What is Rapid Initiation of ART (RIA)?

Rapid Initiation of ART (RIA) refers to starting antiretroviral treatment at the time a person is diagnosis with HIV. Access to RIA is an important intervention, consistent with the concept of universal ART and necessary to our efforts to end the HIV epidemic. We know that a person with a sustained undetectable HIV viral load is healthier and cannot transmit HIV. Offering treatment to persons newly diagnosed with HIV provides a way for an individual to take swifter steps to improve their health, protect their partners, and may help minimize HIV-related stigma.

What is the suggested timeline for RIA?
Why is access to RIA Important now?

Improved health outcomes

Rapid initiation of ART accelerates the time to viral load suppression, prevents HIV transmission and improves viral load suppression compared to standard ART treatments

"Delays in testing, linkage to care, and treatment are major factors that contribute to increase mortality in HIV patients." [1]

Expert recommendations
The NYSDOH Clinical Guidelines, US Department of Health and Human Services (DHHS), World Health Organization, and the International Antiviral Society-USA (IAS-USA) all advise prompt ART initiation regardless of CD4+ T cell count.

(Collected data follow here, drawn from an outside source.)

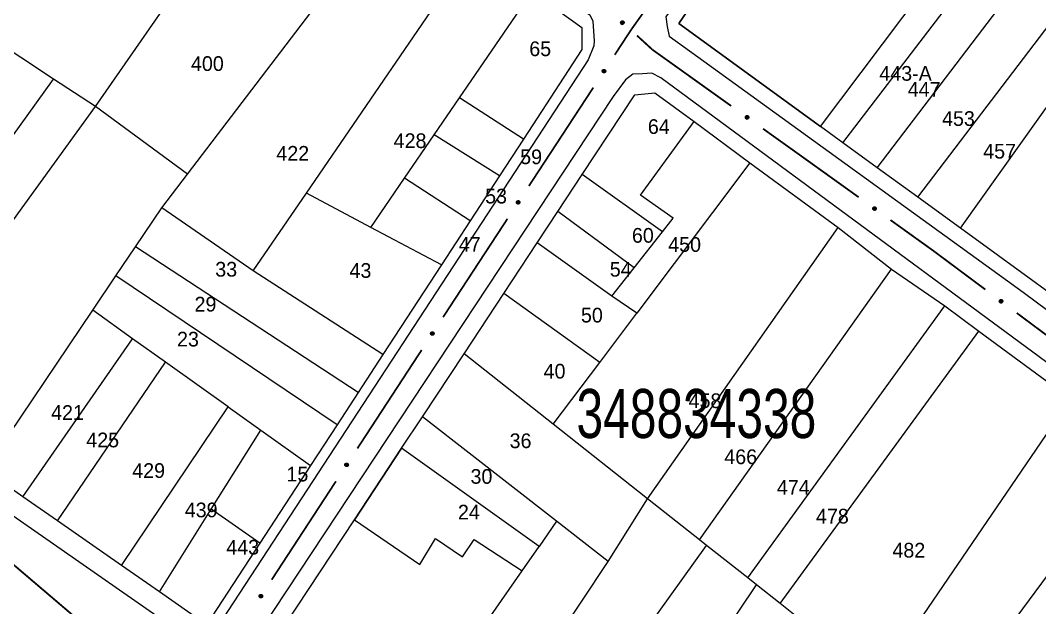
# Model space of a CAD drawing. Extents: x 199577 to 200882, y 4838726 to 4840156.
# Drawn here: x 200104.7 to 200208.7, y 4839261.6 to 4839321.5 of the extents above; entities that cross this region are included whole.
import ezdxf
from ezdxf.enums import TextEntityAlignment as Align

# ---------------------------------------------------------------- set-up
doc = ezdxf.new("R2010")
doc.units = 0
doc.header["$LTSCALE"] = 1.5
doc.header["$MEASUREMENT"] = 0
for name, color, linetype in [('CD_MALHA_LOTES', 7, 'CONTINUOUS'), ('CD_TXT_QUADRA', 2, 'CONTINUOUS'), ('RU-QUADRA', 210, 'CONTINUOUS'), ('SV-EIXO-RUA-PAV', 20, 'CONTINUOUS'), ('SV-RUA-PAVIM', 7, 'CONTINUOUS'), ('Th_NmrPorta', 1, 'CONTINUOUS')]:
    doc.layers.add(name, color=color, linetype=linetype)
doc.styles.add('ARIAL', font='ARIAL.SHX')

msp = doc.modelspace()

# ---------------------------------------------------------------- linework, layer by layer
at = {"layer": 'CD_MALHA_LOTES', "linetype": 'Continuous', "flags": 128}
for points in [[(200112.34, 4839312.72), (200132.7, 4839342.01)], [(200181.5, 4839335.29), (200171.88, 4839321.21), (200186.32, 4839310.7)], [(200121.74, 4839305.83), (200143.42, 4839334.24)], [(200133.87, 4839303.88), (200150.93, 4839328.8)], [(200188.62, 4839309.03), (200203.05, 4839327.94), (200206.61, 4839325.52)], [(200192.12, 4839306.48), (200206.61, 4839325.52)], [(200149.48, 4839313.6), (200156.92, 4839324.47)], [(200156.92, 4839324.47), (200161.98, 4839320.8), (200161.98, 4839318.53), (200156.02, 4839309.39)], [(200186.32, 4839310.7), (200196.81, 4839324.63)], [(200196.25, 4839303.48), (200210.87, 4839322.64)], [(200108.07, 4839315.53), (200101.37, 4839319.93)], [(200200.6, 4839300.31), (200214.69, 4839320.06)], [(200086.59, 4839285.68), (200108.07, 4839315.53)], [(200112.34, 4839312.72), (200108.07, 4839315.53)], [(200146.89, 4839309.82), (200149.48, 4839313.6)], [(200156.02, 4839309.39), (200149.48, 4839313.6)], [(200162.02, 4839305.79), (200167.38, 4839313.91), (200169.43, 4839314.12), (200173.43, 4839311.18)], [(200090.68, 4839282.82), (200112.34, 4839312.72)], [(200121.74, 4839305.83), (200112.34, 4839312.72)], [(200170.21, 4839299.93), (200171.31, 4839301.33), (200167.96, 4839303.67), (200173.43, 4839311.18)], [(200173.43, 4839311.18), (200179.13, 4839306.99)], [(200188.62, 4839309.03), (200186.32, 4839310.7)], [(200143.87, 4839305.4), (200146.89, 4839309.82)], [(200153.58, 4839305.65), (200146.89, 4839309.82)], [(200156.02, 4839309.39), (200153.58, 4839305.65)], [(200192.12, 4839306.48), (200188.62, 4839309.03)], [(200179.13, 4839306.99), (200167.58, 4839291.63)], [(200179.13, 4839306.99), (200188.12, 4839300.38)], [(200196.25, 4839303.48), (200192.12, 4839306.48)], [(200119.11, 4839302.39), (200121.74, 4839305.83)], [(200140.44, 4839300.39), (200143.87, 4839305.4)], [(200150.59, 4839301.07), (200143.87, 4839305.4)], [(200153.58, 4839305.65), (200150.59, 4839301.07)], [(200159.53, 4839302.01), (200162.02, 4839305.79)], [(200170.21, 4839299.93), (200162.02, 4839305.79)], [(200128.45, 4839295.97), (200133.87, 4839303.88)], [(200140.44, 4839300.39), (200133.87, 4839303.88)], [(200200.6, 4839300.31), (200196.25, 4839303.48)], [(200116.43, 4839298.42), (200119.11, 4839302.39)], [(200128.45, 4839295.97), (200119.11, 4839302.39)], [(200150.59, 4839301.07), (200147.65, 4839296.57)], [(200157.42, 4839298.8), (200159.53, 4839302.01)], [(200167.33, 4839296.28), (200159.53, 4839302.01)], [(200147.65, 4839296.57), (200140.44, 4839300.39)], [(200168.69, 4839272.69), (200188.12, 4839300.38)], [(200188.12, 4839300.38), (200193.57, 4839296.13)], [(200216.49, 4839288.75), (200200.6, 4839300.31)], [(200167.33, 4839296.28), (200170.21, 4839299.93)], [(200114.44, 4839295.46), (200116.43, 4839298.42)], [(200139.14, 4839283.53), (200116.43, 4839298.42)], [(200154.02, 4839293.65), (200157.42, 4839298.8)], [(200165.03, 4839293.37), (200157.42, 4839298.8)], [(200141.68, 4839287.42), (200128.45, 4839295.97)], [(200147.65, 4839296.57), (200141.68, 4839287.42)], [(200165.03, 4839293.37), (200167.33, 4839296.28)], [(200173.97, 4839268.52), (200193.57, 4839296.13)], [(200193.57, 4839296.13), (200199, 4839292.38)], [(200112.06, 4839291.94), (200114.44, 4839295.46)], [(200137, 4839280.24), (200114.44, 4839295.46)], [(200149.97, 4839287.5), (200154.02, 4839293.65)], [(200163.81, 4839286.62), (200154.02, 4839293.65)], [(200167.58, 4839291.63), (200165.03, 4839293.37)], [(200101.04, 4839275.61), (200112.06, 4839291.94)], [(200116.14, 4839289.03), (200112.06, 4839291.94)], [(200178.9, 4839264.62), (200199, 4839292.38)], [(200199, 4839292.38), (200202.5, 4839289.81)], [(200163.81, 4839286.62), (200167.58, 4839291.63)], [(200182.2, 4839262.01), (200202.5, 4839289.81)], [(200202.5, 4839289.81), (200211.89, 4839282.91)], [(200104.93, 4839272.9), (200116.14, 4839289.03)], [(200119.5, 4839286.64), (200116.14, 4839289.03)], [(200145.72, 4839281.06), (200149.97, 4839287.5)], [(200159.06, 4839280.31), (200149.97, 4839287.5)], [(200108.46, 4839270.44), (200119.5, 4839286.64)], [(200125.9, 4839282.08), (200119.5, 4839286.64)], [(200141.68, 4839287.42), (200139.14, 4839283.53)], [(200159.06, 4839280.31), (200163.81, 4839286.62)], [(200139.14, 4839283.53), (200137, 4839280.24)], [(200192.31, 4839254.24), (200211.89, 4839282.91)], [(200115.01, 4839265.88), (200125.9, 4839282.08)], [(200125.9, 4839282.08), (200129.23, 4839279.71)], [(200137, 4839280.24), (200134.3, 4839276.1)], [(200143.59, 4839277.85), (200145.72, 4839281.06)], [(200159.4, 4839270.42), (200145.72, 4839281.06)], [(200168.69, 4839272.69), (200159.06, 4839280.31)], [(200124.16, 4839271.63), (200129.23, 4839279.71)], [(200129.23, 4839279.71), (200134.3, 4839276.1)], [(200143.59, 4839277.85), (200138.78, 4839270.54)], [(200157.61, 4839267.84), (200143.59, 4839277.85)], [(200134.3, 4839276.1), (200129.12, 4839268.17)], [(200104.93, 4839272.9), (200101.04, 4839275.61)], [(200108.46, 4839270.44), (200104.93, 4839272.9)], [(200164.67, 4839266.31), (200168.69, 4839272.69)], [(200173.97, 4839268.52), (200168.69, 4839272.69)], [(200118.88, 4839263.19), (200124.16, 4839271.63)], [(200129.12, 4839268.17), (200124.16, 4839271.63)], [(200115.01, 4839265.88), (200108.46, 4839270.44)], [(200142.93, 4839246.73), (200129.4, 4839256.33), (200138.78, 4839270.54)], [(200138.78, 4839270.54), (200145.43, 4839266.01), (200147.04, 4839268.63), (200149.79, 4839266.77), (200150.98, 4839268.54), (200155.88, 4839265.36)], [(200159.4, 4839270.42), (200157.61, 4839267.84)], [(200164.67, 4839266.31), (200159.4, 4839270.42)], [(200129.12, 4839268.17), (200123.68, 4839259.84), (200118.88, 4839263.19)], [(200153.9, 4839238.95), (200174.7, 4839267.94)], [(200155.88, 4839265.36), (200157.61, 4839267.84)], [(200174.7, 4839267.94), (200173.97, 4839268.52)], [(200178.9, 4839264.62), (200174.7, 4839267.94)], [(200118.88, 4839263.19), (200115.01, 4839265.88)], [(200148.89, 4839242.51), (200164.67, 4839266.31)], [(200142.93, 4839246.73), (200155.88, 4839265.36)], [(200179.8, 4839263.91), (200178.9, 4839264.62)], [(200199.19, 4839249.01), (200203.85, 4839255.57), (200202.99, 4839256.08), (200209.59, 4839265.02)], [(200160.1, 4839234.56), (200179.8, 4839263.91)], [(200182.2, 4839262.01), (200179.8, 4839263.91)], [(200185.29, 4839259.57), (200182.2, 4839262.01)]]:
    msp.add_lwpolyline(points, dxfattribs=at)
at = {"layer": 'RU-QUADRA', "linetype": 'Continuous', "flags": 128}
for points in [[(200216.49, 4839288.75), (200200.6, 4839300.31), (200196.25, 4839303.48), (200192.12, 4839306.48), (200188.62, 4839309.03), (200186.32, 4839310.7), (200171.88, 4839321.21), (200181.5, 4839335.29), (200184.68, 4839339.95), (200188.32, 4839345.28), (200191.55, 4839350), (200194.36, 4839354.12), (200197.79, 4839359.15), (200200.54, 4839363.17), (200203.94, 4839368.15), (200206.88, 4839372.46), (200209.62, 4839376.46)], [(200101.18, 4839364.85), (200114.35, 4839355.31), (200132.7, 4839342.01), (200143.42, 4839334.24), (200150.93, 4839328.8), (200156.92, 4839324.47), (200161.98, 4839320.8), (200161.98, 4839318.53), (200156.02, 4839309.39), (200153.58, 4839305.65), (200150.59, 4839301.07), (200147.65, 4839296.57), (200141.68, 4839287.42), (200139.14, 4839283.53), (200137, 4839280.24), (200134.3, 4839276.1), (200129.12, 4839268.17), (200123.68, 4839259.84), (200118.88, 4839263.19), (200115.01, 4839265.88), (200108.46, 4839270.44), (200104.93, 4839272.9), (200101.04, 4839275.61)], [(200129.4, 4839256.33), (200138.78, 4839270.54), (200143.59, 4839277.85), (200145.72, 4839281.06), (200149.97, 4839287.5), (200154.02, 4839293.65), (200157.42, 4839298.8), (200159.53, 4839302.01), (200162.02, 4839305.79), (200167.38, 4839313.91), (200169.43, 4839314.12), (200173.43, 4839311.18), (200179.13, 4839306.99), (200188.12, 4839300.38), (200193.57, 4839296.13), (200199, 4839292.38), (200202.5, 4839289.81), (200211.89, 4839282.91)]]:
    msp.add_lwpolyline(points, dxfattribs=at)
at = {"layer": 'SV-EIXO-RUA-PAV', "const_width": 0.18}
for points in [[(200166.99, 4839320.53), (200172.194485, 4839327.856853)], [(200165.340164, 4839318.009065), (200166.982981, 4839320.519275)], [(200166.982981, 4839320.519275), (200166.99, 4839320.53)], [(200167.609649, 4839319.961514), (200169.083396, 4839318.609453)], [(200169.083396, 4839318.609453), (200169.17, 4839318.53)], [(200169.17, 4839318.53), (200177.210592, 4839312.784383)], [(200156.578474, 4839304.62128), (200163.149741, 4839314.662119)], [(200180.465079, 4839310.458804), (200183.719566, 4839308.133226)], [(200183.719566, 4839308.133226), (200183.92, 4839307.99)], [(200183.92, 4839307.99), (200190.221119, 4839303.471703)], [(200148.77, 4839292.69), (200154.388052, 4839301.274334)], [(200193.471778, 4839301.140777), (200197.535102, 4839298.227119)], [(200197.535102, 4839298.227119), (200197.81, 4839298.03)], [(200197.81, 4839298.03), (200203.150809, 4839294.048236)], [(200148.365098, 4839292.069769), (200148.77, 4839292.69)], [(200147.818448, 4839291.232407), (200148.365098, 4839292.069769)], [(200206.357667, 4839291.657409), (200212.771385, 4839286.875753)], [(200139.07205, 4839277.834627), (200145.631848, 4839287.882962)], [(200130.325651, 4839264.436847), (200136.88545, 4839274.485182)], [(200102.219024, 4839267.476733), (200111.35307, 4839259.694111)]]:
    msp.add_lwpolyline(points, dxfattribs=at)
at = {"layer": 'SV-EIXO-RUA-PAV'}
for points in [[(200166.070763, 4839321.459685), (200166.119461, 4839321.464218), (200166.162241, 4839321.458156), (200166.196467, 4839321.44283), (200166.22318, 4839321.421401), (200166.248039, 4839321.396399), (200166.267541, 4839321.365663), (200166.28163, 4839321.326755), (200166.28652, 4839321.277936), (200166.27743, 4839321.23452), (200166.2642, 4839321.200161), (200166.243458, 4839321.17102), (200166.218766, 4839321.147277), (200166.186169, 4839321.128075), (200166.1466, 4839321.114183), (200166.097392, 4839321.110454), (200166.055492, 4839321.116684), (200166.022776, 4839321.132378), (200165.993612, 4839321.153415), (200165.968538, 4839321.179244), (200165.949568, 4839321.209525), (200165.935652, 4839321.249391), (200165.932615, 4839321.298008), (200165.938353, 4839321.339869), (200165.953583, 4839321.372796), (200165.974941, 4839321.401043), (200165.999713, 4839321.426281), (200166.029794, 4839321.447172), (200166.070763, 4839321.459685)], [(200164.074164, 4839316.27565), (200164.063488, 4839316.323379), (200164.064072, 4839316.366583), (200164.07493, 4839316.402476), (200164.092796, 4839316.431693), (200164.11444, 4839316.459524), (200164.142453, 4839316.482769), (200164.179259, 4839316.501682), (200164.227062, 4839316.512728), (200164.271281, 4839316.509221), (200164.307041, 4839316.500458), (200164.338578, 4839316.483583), (200164.365263, 4839316.462104), (200164.388446, 4839316.432207), (200164.407248, 4839316.394721), (200164.417192, 4839316.346384), (200164.416329, 4839316.304032), (200164.404915, 4839316.269589), (200164.387749, 4839316.237991), (200164.365311, 4839316.209842), (200164.337682, 4839316.187183), (200164.299905, 4839316.16832), (200164.252066, 4839316.159137), (200164.209815, 4839316.159516), (200164.175222, 4839316.170444), (200164.144493, 4839316.188045), (200164.116315, 4839316.209414), (200164.091776, 4839316.2366), (200164.074164, 4839316.27565)], [(200178.784934, 4839311.794693), (200178.83306, 4839311.803407), (200178.876204, 4839311.801055), (200178.911623, 4839311.788736), (200178.940084, 4839311.76969), (200178.967006, 4839311.746924), (200178.989085, 4839311.717984), (200179.006476, 4839311.680435), (200179.015556, 4839311.632219), (200179.010242, 4839311.588181), (200179.000023, 4839311.55281), (200178.98187, 4839311.521989), (200178.959317, 4839311.496206), (200178.928497, 4839311.474266), (200178.890272, 4839311.457014), (200178.841569, 4839311.449057), (200178.799288, 4839311.451653), (200178.765341, 4839311.464467), (200178.734472, 4839311.482912), (200178.707265, 4839311.506483), (200178.685755, 4839311.535017), (200178.668455, 4839311.573534), (200178.661238, 4839311.621709), (200178.663346, 4839311.663909), (200178.67568, 4839311.698026), (200178.694524, 4839311.728009), (200178.717029, 4839311.755289), (200178.745197, 4839311.778694), (200178.784934, 4839311.794693)], [(200155.312474, 4839302.887865), (200155.301798, 4839302.935594), (200155.302382, 4839302.978797), (200155.31324, 4839303.014691), (200155.331106, 4839303.043908), (200155.35275, 4839303.071739), (200155.380763, 4839303.094984), (200155.417569, 4839303.113897), (200155.465372, 4839303.124943), (200155.509591, 4839303.121436), (200155.545351, 4839303.112673), (200155.576889, 4839303.095798), (200155.603573, 4839303.074318), (200155.626757, 4839303.044422), (200155.645559, 4839303.006936), (200155.655503, 4839302.958599), (200155.654639, 4839302.916247), (200155.643225, 4839302.881804), (200155.626059, 4839302.850206), (200155.603621, 4839302.822057), (200155.575992, 4839302.799397), (200155.538215, 4839302.780535), (200155.490376, 4839302.771352), (200155.448126, 4839302.771731), (200155.413532, 4839302.782659), (200155.382803, 4839302.800259), (200155.354625, 4839302.821629), (200155.330086, 4839302.848815), (200155.312474, 4839302.887865)], [(200191.793832, 4839302.479425), (200191.841972, 4839302.48806), (200191.885112, 4839302.485638), (200191.920511, 4839302.473261), (200191.94894, 4839302.454167), (200191.975825, 4839302.431358), (200191.997857, 4839302.402381), (200192.015185, 4839302.364803), (200192.024186, 4839302.316573), (200192.0188, 4839302.272543), (200192.008522, 4839302.237189), (200191.99032, 4839302.206398), (200191.967724, 4839302.180653), (200191.936867, 4839302.158763), (200191.898615, 4839302.141574), (200191.849898, 4839302.133697), (200191.807621, 4839302.136362), (200191.773696, 4839302.149233), (200191.742857, 4839302.167728), (200191.715689, 4839302.191344), (200191.694226, 4839302.219913), (200191.676989, 4839302.258459), (200191.669851, 4839302.306645), (200191.672028, 4839302.348841), (200191.684419, 4839302.382938), (200191.703312, 4839302.41289), (200191.725862, 4839302.440133), (200191.754068, 4839302.463492), (200191.793832, 4839302.479425)], [(200204.704843, 4839293.026954), (200204.753135, 4839293.034695), (200204.796223, 4839293.031472), (200204.831386, 4839293.018441), (200204.859456, 4839292.998823), (200204.885913, 4839292.975519), (200204.907403, 4839292.946138), (200204.924032, 4839292.908246), (200204.932137, 4839292.859857), (200204.925934, 4839292.815935), (200204.915003, 4839292.780777), (200204.896232, 4839292.750329), (200204.873162, 4839292.725007), (200204.841905, 4839292.703694), (200204.80334, 4839292.687217), (200204.754486, 4839292.680245), (200204.712266, 4839292.683694), (200204.678585, 4839292.697192), (200204.648095, 4839292.716257), (200204.621369, 4839292.740372), (200204.60044, 4839292.769334), (200204.583921, 4839292.808193), (200204.577679, 4839292.856504), (200204.580638, 4839292.898652), (200204.593659, 4839292.932514), (200204.613104, 4839292.96211), (200204.636156, 4839292.98893), (200204.66479, 4839293.011762), (200204.704843, 4839293.026954)], [(200146.554428, 4839289.497548), (200146.543697, 4839289.545264), (200146.544232, 4839289.588469), (200146.555049, 4839289.624375), (200146.572882, 4839289.653612), (200146.594494, 4839289.681468), (200146.62248, 4839289.704745), (200146.659264, 4839289.7237), (200146.707055, 4839289.734801), (200146.751278, 4839289.731344), (200146.787048, 4839289.722622), (200146.818605, 4839289.705783), (200146.845314, 4839289.684334), (200146.868531, 4839289.654464), (200146.887376, 4839289.616999), (200146.897375, 4839289.568673), (200146.896561, 4839289.526321), (200146.885185, 4839289.491865), (200146.868055, 4839289.460247), (200146.84565, 4839289.432073), (200146.818046, 4839289.409382), (200146.780291, 4839289.390476), (200146.732463, 4839289.381239), (200146.690212, 4839289.381569), (200146.655606, 4839289.392457), (200146.624857, 4839289.410023), (200146.596654, 4839289.43136), (200146.572084, 4839289.458518), (200146.554428, 4839289.497548)], [(200137.80803, 4839276.099767), (200137.797299, 4839276.147484), (200137.797833, 4839276.190689), (200137.808651, 4839276.226595), (200137.826484, 4839276.255832), (200137.848096, 4839276.283688), (200137.876082, 4839276.306965), (200137.912866, 4839276.32592), (200137.960657, 4839276.33702), (200138.00488, 4839276.333564), (200138.040649, 4839276.324842), (200138.072207, 4839276.308002), (200138.098915, 4839276.286553), (200138.122133, 4839276.256683), (200138.140978, 4839276.219219), (200138.150977, 4839276.170893), (200138.150162, 4839276.12854), (200138.138787, 4839276.094085), (200138.121657, 4839276.062466), (200138.099252, 4839276.034292), (200138.071648, 4839276.011601), (200138.033893, 4839275.992695), (200137.986065, 4839275.983458), (200137.943814, 4839275.983789), (200137.909207, 4839275.994677), (200137.878459, 4839276.012243), (200137.850256, 4839276.03358), (200137.825686, 4839276.060738), (200137.80803, 4839276.099767)], [(200129.061631, 4839262.701987), (200129.0509, 4839262.749704), (200129.051435, 4839262.792908), (200129.062253, 4839262.828815), (200129.080085, 4839262.858051), (200129.101698, 4839262.885907), (200129.129684, 4839262.909185), (200129.166468, 4839262.928139), (200129.214259, 4839262.93924), (200129.258482, 4839262.935783), (200129.294251, 4839262.927061), (200129.325808, 4839262.910222), (200129.352517, 4839262.888773), (200129.375735, 4839262.858903), (200129.39458, 4839262.821438), (200129.404579, 4839262.773113), (200129.403764, 4839262.73076), (200129.392389, 4839262.696304), (200129.375259, 4839262.664686), (200129.352853, 4839262.636512), (200129.32525, 4839262.613821), (200129.287495, 4839262.594915), (200129.239666, 4839262.585678), (200129.197415, 4839262.586008), (200129.162809, 4839262.596897), (200129.13206, 4839262.614462), (200129.103858, 4839262.6358), (200129.079288, 4839262.662958), (200129.061631, 4839262.701987)]]:
    msp.add_lwpolyline(points, close=True, dxfattribs=at)
for points in [[(200165.932615, 4839321.298008), (200166.186169, 4839321.128075)], [(200165.935652, 4839321.249391), (200166.1466, 4839321.114183)], [(200165.936484, 4839321.316767), (200166.19819, 4839321.13995)], [(200165.938047, 4839321.272369), (200166.163737, 4839321.122717)], [(200165.938353, 4839321.339869), (200166.218766, 4839321.147277)], [(200165.948107, 4839321.353494), (200166.228491, 4839321.160727)], [(200165.948343, 4839321.227691), (200166.115795, 4839321.117003)], [(200165.949568, 4839321.209525), (200166.097392, 4839321.110454)], [(200165.953583, 4839321.372796), (200166.243458, 4839321.17102)], [(200165.962766, 4839321.19205), (200166.071245, 4839321.117363)], [(200165.965957, 4839321.384904), (200166.250795, 4839321.184745)], [(200165.968538, 4839321.179244), (200166.055492, 4839321.116684)], [(200165.974941, 4839321.401043), (200166.2642, 4839321.200161)], [(200165.990919, 4839321.412036), (200166.26819, 4839321.221927)], [(200165.999713, 4839321.426281), (200166.27743, 4839321.23452)], [(200166.018259, 4839321.433547), (200166.278775, 4839321.25954)], [(200166.029794, 4839321.447172), (200166.28652, 4839321.277936)], [(200166.04975, 4839321.451515), (200166.280174, 4839321.303203)], [(200166.070763, 4839321.459685), (200166.28163, 4839321.326755)], [(200166.097389, 4839321.461076), (200166.268688, 4839321.350691)], [(200166.119461, 4839321.464218), (200166.267541, 4839321.365663)], [(200166.143863, 4839321.460868), (200166.250418, 4839321.386029)], [(200166.162241, 4839321.458156), (200166.248039, 4839321.396399)], [(200164.063488, 4839316.323379), (200164.142453, 4839316.482769)], [(200164.063714, 4839316.348009), (200164.124424, 4839316.463199)], [(200164.064072, 4839316.366583), (200164.11444, 4839316.459524)], [(200164.069405, 4839316.301884), (200164.157159, 4839316.485807)], [(200164.074164, 4839316.27565), (200164.179259, 4839316.501682)], [(200164.084935, 4839316.255844), (200164.202805, 4839316.503226)], [(200164.091776, 4839316.2366), (200164.227062, 4839316.512728)], [(200164.106754, 4839316.226888), (200164.246293, 4839316.507381)], [(200164.116315, 4839316.209414), (200164.271281, 4839316.509221)], [(200164.131561, 4839316.202498), (200164.284945, 4839316.501654)], [(200164.144493, 4839316.188045), (200164.307041, 4839316.500458)], [(200164.161641, 4839316.181182), (200164.324033, 4839316.489118)], [(200164.175222, 4839316.170444), (200164.338578, 4839316.483583)], [(200164.195062, 4839316.167463), (200164.350688, 4839316.470043)], [(200164.209815, 4839316.159516), (200164.365263, 4839316.462104)], [(200164.232967, 4839316.160594), (200164.375143, 4839316.442623)], [(200164.252066, 4839316.159137), (200164.388446, 4839316.432207)], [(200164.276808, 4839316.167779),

RIA benefits the community
Earlier treatment has the potential to reduce new infections

Patients want this option

  • Patients accept the practice of treatment once a disease is diagnosed and RIA is a proactive approach to a life changing diagnosis.
  • Data from clinics in New York State and San Francisco show that over 75% of the patients accepted the option of expedited treatment. These patients achieved viral load suppression more quickly than those started on a “standard treatment” timeline and at the end of one year, patients in the rapid initiation group were more likely to remain engaged in care.

[1] Koenig SP et al. Same-day HIV testing with initiation of antiretroviral therapy versus standard care for persons living with HIV: A randomized unblinded trial. PLoS Med. 2017; 14(7):e1002357.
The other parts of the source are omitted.